Unfinished Business
Issue Brief
Chatham, Massachusetts is so beautiful in late summer that visitors often stop and stare at the brilliant interplay of sun, surf and sand along Cape Cod’s outer shore. It was in that perfect setting that David and Lynn Angell joined with other members of their extended family to celebrate a wedding one joyous weekend. David had made his fortune in California as producer of the NBC comedy hits Cheers and Frasier, but he kept a summer house in Chatham, not far from his Rhode Island birthplace. He was doing well enough that his wife Lynn — described as the epitome of southern graciousness and charm by a friend — could devote much of her time to charity. As they departed for California on Tuesday morning to attend the Emmy Awards, they knew they had a wonderful life.
A few hours later, their plane — American Airlines Flight 11 — hit the north tower of the World Trade Center. Two wonderful lives ended instantly in a mass atrocity that would claim thousands of other lives before the day ended. Actress Berry Berenson was on the plane, as were Pete and Sue Hanson of Groton, Mass. — taking their three-year-old daughter Christine on her first plane ride so she could visit Disneyland. Tara Creamer was on the flight too, feeling bad that she had left behind her own children (Colin, 4 and Nora, 1) to go on a business trip; “she was everything to me and my children,” her husband told the Boston Globe. David Aoyama. Gloria de Barrera. Chuck Jones. James and Mary Trentini. All gone.
It has now been so long since the terrorist attacks of 9-11 that memories of pain and loss are beginning to fade even among the family members whose loved ones were on Flight 11. The nation has waged a continuous campaign against global terrorism for nearly five years, and some people think it has been a big success because there has been no repeat of the 9-11 horrors on American soil. But there is at least one respect in which the campaign has not gone well at all: the most senior leaders of al Qaeda, who planned the atrocities of 9-11, are still at large. In fact, they feel so secure in their secret sanctuaries that they have taken to releasing communiques on a nearly monthly basis.

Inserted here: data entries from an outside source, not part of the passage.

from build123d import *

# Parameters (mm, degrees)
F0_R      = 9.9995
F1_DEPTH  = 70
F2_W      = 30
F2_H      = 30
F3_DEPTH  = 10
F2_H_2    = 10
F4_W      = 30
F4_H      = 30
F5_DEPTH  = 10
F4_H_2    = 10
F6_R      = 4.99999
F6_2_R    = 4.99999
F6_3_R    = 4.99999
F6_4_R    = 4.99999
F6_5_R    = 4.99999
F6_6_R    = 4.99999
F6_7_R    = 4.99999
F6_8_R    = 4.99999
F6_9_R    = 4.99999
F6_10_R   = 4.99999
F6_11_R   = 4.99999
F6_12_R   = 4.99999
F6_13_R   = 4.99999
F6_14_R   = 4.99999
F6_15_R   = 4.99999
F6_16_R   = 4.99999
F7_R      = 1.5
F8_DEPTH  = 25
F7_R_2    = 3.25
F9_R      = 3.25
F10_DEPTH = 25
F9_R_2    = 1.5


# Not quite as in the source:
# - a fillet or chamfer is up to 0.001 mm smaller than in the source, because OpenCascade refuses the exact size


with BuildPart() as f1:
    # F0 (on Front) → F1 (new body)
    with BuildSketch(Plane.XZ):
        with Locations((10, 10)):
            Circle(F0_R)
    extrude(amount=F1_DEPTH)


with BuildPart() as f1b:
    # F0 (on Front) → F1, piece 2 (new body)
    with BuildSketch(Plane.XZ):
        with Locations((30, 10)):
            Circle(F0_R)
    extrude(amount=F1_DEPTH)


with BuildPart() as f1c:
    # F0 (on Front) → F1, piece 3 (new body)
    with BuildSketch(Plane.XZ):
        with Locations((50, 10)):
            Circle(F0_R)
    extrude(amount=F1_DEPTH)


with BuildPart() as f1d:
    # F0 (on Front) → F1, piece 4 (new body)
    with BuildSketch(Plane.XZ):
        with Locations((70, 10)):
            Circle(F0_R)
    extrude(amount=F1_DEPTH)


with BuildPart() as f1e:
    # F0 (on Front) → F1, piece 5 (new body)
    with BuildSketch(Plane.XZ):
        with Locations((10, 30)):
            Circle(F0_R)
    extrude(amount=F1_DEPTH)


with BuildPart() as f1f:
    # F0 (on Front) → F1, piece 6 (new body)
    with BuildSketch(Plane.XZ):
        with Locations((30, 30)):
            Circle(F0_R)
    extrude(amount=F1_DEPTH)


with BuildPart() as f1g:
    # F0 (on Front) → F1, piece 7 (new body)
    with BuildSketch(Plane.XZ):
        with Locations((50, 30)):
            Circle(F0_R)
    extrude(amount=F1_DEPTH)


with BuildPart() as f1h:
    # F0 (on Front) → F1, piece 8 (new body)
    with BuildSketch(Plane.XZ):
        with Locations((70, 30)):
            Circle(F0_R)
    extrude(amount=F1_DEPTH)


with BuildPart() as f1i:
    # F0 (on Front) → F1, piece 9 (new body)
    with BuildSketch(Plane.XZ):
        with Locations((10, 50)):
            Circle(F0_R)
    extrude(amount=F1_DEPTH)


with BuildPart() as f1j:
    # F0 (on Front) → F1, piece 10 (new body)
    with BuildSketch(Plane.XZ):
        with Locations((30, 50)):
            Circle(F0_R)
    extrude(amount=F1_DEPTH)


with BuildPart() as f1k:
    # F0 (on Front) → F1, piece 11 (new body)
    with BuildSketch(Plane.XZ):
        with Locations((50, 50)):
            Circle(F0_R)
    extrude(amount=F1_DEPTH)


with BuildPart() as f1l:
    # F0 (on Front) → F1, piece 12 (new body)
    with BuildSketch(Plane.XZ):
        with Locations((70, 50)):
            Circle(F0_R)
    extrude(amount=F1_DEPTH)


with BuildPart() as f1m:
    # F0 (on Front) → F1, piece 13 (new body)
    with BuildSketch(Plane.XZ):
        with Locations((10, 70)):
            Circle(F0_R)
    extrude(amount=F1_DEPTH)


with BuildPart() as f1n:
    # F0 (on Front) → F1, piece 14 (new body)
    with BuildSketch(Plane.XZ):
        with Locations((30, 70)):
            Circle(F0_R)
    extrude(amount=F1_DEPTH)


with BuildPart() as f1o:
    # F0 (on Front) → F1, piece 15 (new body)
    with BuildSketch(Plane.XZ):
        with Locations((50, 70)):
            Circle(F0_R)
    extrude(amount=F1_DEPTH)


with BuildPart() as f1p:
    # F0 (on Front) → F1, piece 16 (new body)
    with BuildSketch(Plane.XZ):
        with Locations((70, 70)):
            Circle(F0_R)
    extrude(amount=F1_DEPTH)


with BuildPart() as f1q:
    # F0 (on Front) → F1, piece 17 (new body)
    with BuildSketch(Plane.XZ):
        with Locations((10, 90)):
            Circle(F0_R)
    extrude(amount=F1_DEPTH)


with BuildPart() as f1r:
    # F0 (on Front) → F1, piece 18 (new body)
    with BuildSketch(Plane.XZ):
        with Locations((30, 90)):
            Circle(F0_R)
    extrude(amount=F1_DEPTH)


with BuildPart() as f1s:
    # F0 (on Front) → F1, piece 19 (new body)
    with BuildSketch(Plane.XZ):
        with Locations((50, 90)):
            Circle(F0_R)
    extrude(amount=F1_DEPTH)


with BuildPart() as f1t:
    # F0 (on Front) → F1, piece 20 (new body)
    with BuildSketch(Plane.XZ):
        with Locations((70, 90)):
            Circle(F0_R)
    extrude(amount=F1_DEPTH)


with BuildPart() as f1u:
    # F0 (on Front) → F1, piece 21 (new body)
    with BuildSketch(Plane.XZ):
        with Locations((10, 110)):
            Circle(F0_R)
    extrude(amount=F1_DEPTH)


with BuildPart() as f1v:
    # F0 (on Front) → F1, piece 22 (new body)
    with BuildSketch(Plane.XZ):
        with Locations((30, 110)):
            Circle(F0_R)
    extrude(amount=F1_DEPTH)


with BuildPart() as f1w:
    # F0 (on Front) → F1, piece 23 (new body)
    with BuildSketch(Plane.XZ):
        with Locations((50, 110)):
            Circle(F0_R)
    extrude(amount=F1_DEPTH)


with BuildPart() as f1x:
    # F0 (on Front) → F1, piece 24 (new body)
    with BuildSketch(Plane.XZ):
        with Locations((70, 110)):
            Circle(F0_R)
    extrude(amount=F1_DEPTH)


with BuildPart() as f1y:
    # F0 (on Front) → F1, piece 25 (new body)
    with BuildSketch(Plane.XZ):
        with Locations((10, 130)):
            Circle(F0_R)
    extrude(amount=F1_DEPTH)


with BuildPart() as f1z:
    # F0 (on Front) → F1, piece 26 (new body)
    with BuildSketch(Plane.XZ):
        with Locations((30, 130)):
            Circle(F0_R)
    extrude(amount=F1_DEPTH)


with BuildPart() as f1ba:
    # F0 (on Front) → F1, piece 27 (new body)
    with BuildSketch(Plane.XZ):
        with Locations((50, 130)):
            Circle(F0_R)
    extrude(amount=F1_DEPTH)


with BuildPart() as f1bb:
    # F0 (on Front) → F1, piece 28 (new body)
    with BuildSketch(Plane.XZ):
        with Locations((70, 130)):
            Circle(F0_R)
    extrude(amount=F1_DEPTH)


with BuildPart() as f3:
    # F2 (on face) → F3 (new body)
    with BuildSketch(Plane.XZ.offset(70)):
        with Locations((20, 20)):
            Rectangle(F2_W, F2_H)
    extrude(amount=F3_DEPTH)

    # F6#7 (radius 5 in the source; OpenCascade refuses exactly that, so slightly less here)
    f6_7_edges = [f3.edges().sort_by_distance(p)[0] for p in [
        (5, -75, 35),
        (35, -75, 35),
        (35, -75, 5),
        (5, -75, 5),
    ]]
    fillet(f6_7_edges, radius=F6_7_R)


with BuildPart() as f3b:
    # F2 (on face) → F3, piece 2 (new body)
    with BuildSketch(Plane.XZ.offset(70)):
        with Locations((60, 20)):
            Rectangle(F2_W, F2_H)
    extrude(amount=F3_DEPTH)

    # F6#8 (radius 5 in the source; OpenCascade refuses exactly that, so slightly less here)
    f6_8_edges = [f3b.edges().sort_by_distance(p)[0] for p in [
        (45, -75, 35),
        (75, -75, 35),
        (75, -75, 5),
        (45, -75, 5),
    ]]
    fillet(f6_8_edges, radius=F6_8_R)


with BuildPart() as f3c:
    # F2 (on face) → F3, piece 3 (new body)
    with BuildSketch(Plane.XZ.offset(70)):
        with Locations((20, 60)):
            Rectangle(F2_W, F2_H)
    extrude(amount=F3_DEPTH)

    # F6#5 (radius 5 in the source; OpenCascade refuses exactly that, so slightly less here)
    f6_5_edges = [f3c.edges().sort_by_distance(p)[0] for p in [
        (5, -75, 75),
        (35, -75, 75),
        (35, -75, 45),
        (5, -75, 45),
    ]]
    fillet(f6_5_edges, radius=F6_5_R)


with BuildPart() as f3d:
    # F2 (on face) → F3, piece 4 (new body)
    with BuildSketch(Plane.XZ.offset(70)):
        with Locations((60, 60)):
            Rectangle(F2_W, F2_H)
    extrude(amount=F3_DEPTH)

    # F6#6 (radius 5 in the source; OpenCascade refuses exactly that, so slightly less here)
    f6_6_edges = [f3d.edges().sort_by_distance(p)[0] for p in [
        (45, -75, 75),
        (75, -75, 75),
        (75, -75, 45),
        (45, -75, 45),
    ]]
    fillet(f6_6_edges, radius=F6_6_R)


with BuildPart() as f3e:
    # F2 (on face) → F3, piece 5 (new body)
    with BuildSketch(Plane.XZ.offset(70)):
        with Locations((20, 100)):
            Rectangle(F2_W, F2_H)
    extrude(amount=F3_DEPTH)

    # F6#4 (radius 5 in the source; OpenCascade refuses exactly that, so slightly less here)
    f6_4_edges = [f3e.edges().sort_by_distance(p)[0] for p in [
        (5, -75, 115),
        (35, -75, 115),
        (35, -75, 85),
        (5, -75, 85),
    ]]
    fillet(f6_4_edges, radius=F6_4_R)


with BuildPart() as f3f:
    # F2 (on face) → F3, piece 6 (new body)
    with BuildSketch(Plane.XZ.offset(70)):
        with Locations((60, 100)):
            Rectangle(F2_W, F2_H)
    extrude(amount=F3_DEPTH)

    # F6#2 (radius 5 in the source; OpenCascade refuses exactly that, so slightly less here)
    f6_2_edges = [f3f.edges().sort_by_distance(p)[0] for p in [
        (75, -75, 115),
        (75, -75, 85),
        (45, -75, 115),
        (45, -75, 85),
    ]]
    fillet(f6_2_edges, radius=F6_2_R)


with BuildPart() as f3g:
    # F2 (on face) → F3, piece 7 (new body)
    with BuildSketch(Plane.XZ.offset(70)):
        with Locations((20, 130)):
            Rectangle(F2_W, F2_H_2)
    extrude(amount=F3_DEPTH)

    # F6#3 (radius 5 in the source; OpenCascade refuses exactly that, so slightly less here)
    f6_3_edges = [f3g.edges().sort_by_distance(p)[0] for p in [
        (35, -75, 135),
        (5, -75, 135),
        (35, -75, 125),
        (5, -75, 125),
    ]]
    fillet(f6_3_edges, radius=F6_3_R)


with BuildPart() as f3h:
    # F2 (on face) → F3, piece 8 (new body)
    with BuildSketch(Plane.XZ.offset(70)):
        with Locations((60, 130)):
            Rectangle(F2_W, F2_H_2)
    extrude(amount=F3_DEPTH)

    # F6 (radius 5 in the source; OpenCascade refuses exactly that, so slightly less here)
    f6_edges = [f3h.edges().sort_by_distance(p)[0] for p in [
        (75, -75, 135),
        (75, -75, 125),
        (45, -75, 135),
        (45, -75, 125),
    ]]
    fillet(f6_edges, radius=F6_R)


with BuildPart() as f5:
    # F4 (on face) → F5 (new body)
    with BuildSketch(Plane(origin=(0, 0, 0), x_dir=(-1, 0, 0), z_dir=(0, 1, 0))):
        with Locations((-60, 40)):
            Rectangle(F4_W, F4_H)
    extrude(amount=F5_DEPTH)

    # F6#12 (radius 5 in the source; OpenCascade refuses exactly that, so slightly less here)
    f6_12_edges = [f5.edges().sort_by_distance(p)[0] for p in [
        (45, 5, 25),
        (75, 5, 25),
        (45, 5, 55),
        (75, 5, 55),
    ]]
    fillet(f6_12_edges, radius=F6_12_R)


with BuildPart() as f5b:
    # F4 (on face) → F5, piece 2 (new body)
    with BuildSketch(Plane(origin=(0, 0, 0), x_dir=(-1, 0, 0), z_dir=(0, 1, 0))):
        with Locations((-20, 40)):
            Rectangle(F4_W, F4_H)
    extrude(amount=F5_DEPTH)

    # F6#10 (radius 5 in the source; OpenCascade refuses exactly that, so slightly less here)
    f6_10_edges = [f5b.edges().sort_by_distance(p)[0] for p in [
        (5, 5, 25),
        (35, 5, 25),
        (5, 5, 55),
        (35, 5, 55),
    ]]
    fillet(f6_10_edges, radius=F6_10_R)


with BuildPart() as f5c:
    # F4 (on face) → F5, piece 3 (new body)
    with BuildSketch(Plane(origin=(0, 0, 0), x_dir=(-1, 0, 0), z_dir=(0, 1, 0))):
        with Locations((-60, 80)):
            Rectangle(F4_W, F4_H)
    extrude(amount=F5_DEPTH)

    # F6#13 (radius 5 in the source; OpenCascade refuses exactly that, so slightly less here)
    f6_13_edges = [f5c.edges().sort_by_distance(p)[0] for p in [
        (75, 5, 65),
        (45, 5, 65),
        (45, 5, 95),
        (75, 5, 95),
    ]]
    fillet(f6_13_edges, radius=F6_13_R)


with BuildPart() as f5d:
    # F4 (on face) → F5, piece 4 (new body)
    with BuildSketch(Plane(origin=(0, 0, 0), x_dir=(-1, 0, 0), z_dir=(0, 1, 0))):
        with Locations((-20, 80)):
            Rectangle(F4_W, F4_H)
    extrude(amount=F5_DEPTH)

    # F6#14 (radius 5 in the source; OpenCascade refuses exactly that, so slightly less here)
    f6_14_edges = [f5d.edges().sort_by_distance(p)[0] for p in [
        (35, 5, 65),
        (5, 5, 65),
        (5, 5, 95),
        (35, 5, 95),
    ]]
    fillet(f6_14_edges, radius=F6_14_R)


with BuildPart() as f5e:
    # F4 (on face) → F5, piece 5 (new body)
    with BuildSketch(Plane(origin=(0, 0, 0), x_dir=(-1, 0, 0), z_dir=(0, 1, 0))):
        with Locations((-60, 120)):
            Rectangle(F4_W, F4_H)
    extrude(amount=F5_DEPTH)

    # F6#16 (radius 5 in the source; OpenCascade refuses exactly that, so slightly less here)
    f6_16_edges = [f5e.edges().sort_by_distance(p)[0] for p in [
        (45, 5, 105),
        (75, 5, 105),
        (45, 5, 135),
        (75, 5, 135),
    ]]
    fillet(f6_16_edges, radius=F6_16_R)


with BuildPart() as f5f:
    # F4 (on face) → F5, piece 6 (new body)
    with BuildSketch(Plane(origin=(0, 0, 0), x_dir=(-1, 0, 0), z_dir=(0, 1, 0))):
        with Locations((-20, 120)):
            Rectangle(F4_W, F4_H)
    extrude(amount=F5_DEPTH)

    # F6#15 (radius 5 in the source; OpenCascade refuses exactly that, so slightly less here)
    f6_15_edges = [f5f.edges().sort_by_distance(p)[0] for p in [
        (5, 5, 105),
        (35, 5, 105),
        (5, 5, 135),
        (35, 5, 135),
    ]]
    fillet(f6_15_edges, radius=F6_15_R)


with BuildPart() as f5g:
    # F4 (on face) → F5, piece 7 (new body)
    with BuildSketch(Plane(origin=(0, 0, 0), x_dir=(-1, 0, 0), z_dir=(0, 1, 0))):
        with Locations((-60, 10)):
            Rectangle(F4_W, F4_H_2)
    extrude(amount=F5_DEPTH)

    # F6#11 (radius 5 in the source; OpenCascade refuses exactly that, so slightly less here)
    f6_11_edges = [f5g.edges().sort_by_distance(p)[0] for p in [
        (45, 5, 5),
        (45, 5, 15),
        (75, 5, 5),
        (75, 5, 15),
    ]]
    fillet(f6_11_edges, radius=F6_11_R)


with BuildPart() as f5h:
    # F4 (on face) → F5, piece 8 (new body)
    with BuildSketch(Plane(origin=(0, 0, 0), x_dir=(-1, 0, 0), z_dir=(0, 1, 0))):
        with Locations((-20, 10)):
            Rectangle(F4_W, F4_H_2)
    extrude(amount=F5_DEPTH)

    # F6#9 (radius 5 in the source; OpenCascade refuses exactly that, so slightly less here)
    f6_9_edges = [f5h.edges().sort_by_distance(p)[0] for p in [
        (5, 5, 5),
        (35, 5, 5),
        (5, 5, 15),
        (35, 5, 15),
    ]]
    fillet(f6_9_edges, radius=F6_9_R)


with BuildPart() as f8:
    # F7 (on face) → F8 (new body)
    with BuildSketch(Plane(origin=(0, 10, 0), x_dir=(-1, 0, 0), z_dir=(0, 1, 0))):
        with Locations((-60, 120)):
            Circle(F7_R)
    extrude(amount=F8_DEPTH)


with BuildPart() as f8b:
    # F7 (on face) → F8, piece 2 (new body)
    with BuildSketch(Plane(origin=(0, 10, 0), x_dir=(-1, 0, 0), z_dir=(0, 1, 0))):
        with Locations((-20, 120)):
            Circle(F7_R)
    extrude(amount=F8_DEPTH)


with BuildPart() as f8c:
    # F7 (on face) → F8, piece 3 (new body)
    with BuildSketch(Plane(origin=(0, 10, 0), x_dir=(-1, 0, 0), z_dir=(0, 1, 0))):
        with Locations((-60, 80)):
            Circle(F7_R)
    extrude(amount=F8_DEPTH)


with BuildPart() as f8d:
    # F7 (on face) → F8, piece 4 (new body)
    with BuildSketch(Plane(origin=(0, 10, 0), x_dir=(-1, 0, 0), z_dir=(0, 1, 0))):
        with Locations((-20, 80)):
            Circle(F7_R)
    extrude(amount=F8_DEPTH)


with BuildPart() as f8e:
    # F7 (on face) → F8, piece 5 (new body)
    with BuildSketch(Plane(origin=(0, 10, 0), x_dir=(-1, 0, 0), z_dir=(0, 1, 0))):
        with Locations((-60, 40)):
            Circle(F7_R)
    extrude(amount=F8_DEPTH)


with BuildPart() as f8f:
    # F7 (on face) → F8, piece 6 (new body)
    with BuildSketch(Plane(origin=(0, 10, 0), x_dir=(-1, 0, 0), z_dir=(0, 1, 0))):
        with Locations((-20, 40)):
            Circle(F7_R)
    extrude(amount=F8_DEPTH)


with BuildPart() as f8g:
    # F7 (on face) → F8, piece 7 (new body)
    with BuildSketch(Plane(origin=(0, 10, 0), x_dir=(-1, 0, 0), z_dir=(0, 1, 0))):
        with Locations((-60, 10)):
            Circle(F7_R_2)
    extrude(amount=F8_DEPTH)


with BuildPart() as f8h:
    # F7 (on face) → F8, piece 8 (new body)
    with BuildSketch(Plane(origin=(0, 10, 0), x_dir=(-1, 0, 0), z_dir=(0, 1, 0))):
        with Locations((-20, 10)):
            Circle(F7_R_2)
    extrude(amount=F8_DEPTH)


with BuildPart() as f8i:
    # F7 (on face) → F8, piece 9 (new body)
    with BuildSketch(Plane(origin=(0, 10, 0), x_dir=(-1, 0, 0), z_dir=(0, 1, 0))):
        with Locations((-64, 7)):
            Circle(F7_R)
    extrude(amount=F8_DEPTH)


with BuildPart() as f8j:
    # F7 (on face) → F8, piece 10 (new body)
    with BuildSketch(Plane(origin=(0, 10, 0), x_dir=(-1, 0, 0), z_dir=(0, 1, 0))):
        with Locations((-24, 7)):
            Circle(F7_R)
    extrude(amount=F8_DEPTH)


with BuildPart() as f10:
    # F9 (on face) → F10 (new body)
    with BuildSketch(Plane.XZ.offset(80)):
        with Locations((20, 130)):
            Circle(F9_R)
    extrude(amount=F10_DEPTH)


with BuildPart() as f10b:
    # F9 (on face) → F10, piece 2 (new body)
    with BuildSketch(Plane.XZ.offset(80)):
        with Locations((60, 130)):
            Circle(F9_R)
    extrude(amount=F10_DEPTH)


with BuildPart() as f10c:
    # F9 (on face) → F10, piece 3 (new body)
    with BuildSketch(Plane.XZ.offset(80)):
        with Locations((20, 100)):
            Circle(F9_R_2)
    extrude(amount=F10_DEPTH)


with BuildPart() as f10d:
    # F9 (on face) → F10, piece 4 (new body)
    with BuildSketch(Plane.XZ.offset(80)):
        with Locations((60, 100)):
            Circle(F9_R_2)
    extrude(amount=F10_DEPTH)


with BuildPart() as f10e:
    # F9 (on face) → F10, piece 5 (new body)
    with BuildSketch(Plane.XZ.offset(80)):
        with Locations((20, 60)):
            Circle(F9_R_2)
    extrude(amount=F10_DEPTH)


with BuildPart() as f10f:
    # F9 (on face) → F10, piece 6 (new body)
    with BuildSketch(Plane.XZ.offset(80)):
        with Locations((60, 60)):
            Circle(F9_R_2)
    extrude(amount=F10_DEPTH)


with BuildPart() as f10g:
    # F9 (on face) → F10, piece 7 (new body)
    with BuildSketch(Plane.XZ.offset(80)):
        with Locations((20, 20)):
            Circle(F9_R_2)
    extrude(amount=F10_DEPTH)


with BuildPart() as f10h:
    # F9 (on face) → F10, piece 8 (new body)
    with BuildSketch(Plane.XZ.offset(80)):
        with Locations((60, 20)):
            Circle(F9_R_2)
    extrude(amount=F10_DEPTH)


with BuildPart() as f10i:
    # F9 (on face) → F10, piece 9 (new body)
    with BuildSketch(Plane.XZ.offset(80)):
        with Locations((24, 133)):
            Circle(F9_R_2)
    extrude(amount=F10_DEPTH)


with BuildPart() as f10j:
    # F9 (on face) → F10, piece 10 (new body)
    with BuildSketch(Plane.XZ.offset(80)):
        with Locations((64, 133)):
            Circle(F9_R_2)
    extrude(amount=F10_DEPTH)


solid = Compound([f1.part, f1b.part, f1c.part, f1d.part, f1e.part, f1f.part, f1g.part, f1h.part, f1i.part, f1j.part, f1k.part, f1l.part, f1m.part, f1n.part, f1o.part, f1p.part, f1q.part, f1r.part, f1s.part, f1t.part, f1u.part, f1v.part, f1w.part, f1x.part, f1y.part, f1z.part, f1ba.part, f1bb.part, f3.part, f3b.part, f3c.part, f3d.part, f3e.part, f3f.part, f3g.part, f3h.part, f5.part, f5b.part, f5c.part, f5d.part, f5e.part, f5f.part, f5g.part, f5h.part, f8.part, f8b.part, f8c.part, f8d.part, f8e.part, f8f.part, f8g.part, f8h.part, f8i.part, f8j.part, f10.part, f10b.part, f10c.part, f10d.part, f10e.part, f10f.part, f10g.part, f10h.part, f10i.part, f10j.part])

The continued freedom of Osama bin Laden and Ayman al Zawahiri (not to mention fellow travelers such as Omar and Zarkhawi) is an inspiration to extremists around the world, a constant reminder that for all its economic and military power, America still has no real answer to the challenge posed by Islamic fundamentalism. It’s not that we have no idea where the terrorists are — Eric Schmitt reported in the New York Times on May 28 that U.S. officials think leaders of both al Qaeda and the Taliban are holed up in Pakistan, near the Afghan border. And it’s a safe bet that the U.S. has everything from spy satellites to Global Hawk surveillance vehicles to special operations forces looking for them. But they haven’t been found.
Who could have imagined in the days following 9-11 that the perpetrators of the biggest attack ever on America would still be free men five years later? Is it really possible that U.S. intelligence capabilities are so deficient we cannot find the tallest man in Afghanistan — a stateless, poorly resourced zealot — after spending more time searching than it took America to defeat Nazi Germany and Imperial Japan in World War Two? If any comfort at all can be taken from the tragic deaths of David and Lynn Angell, and Pete and Sue Hanson, and Tara Creamer, it lies in the alarm that their last moments should have sounded for a distracted nation. But the fact that their murderers are still at large tells us the alarm was not loud enough in some quarters, and that our sense of outrage has already begun to wane.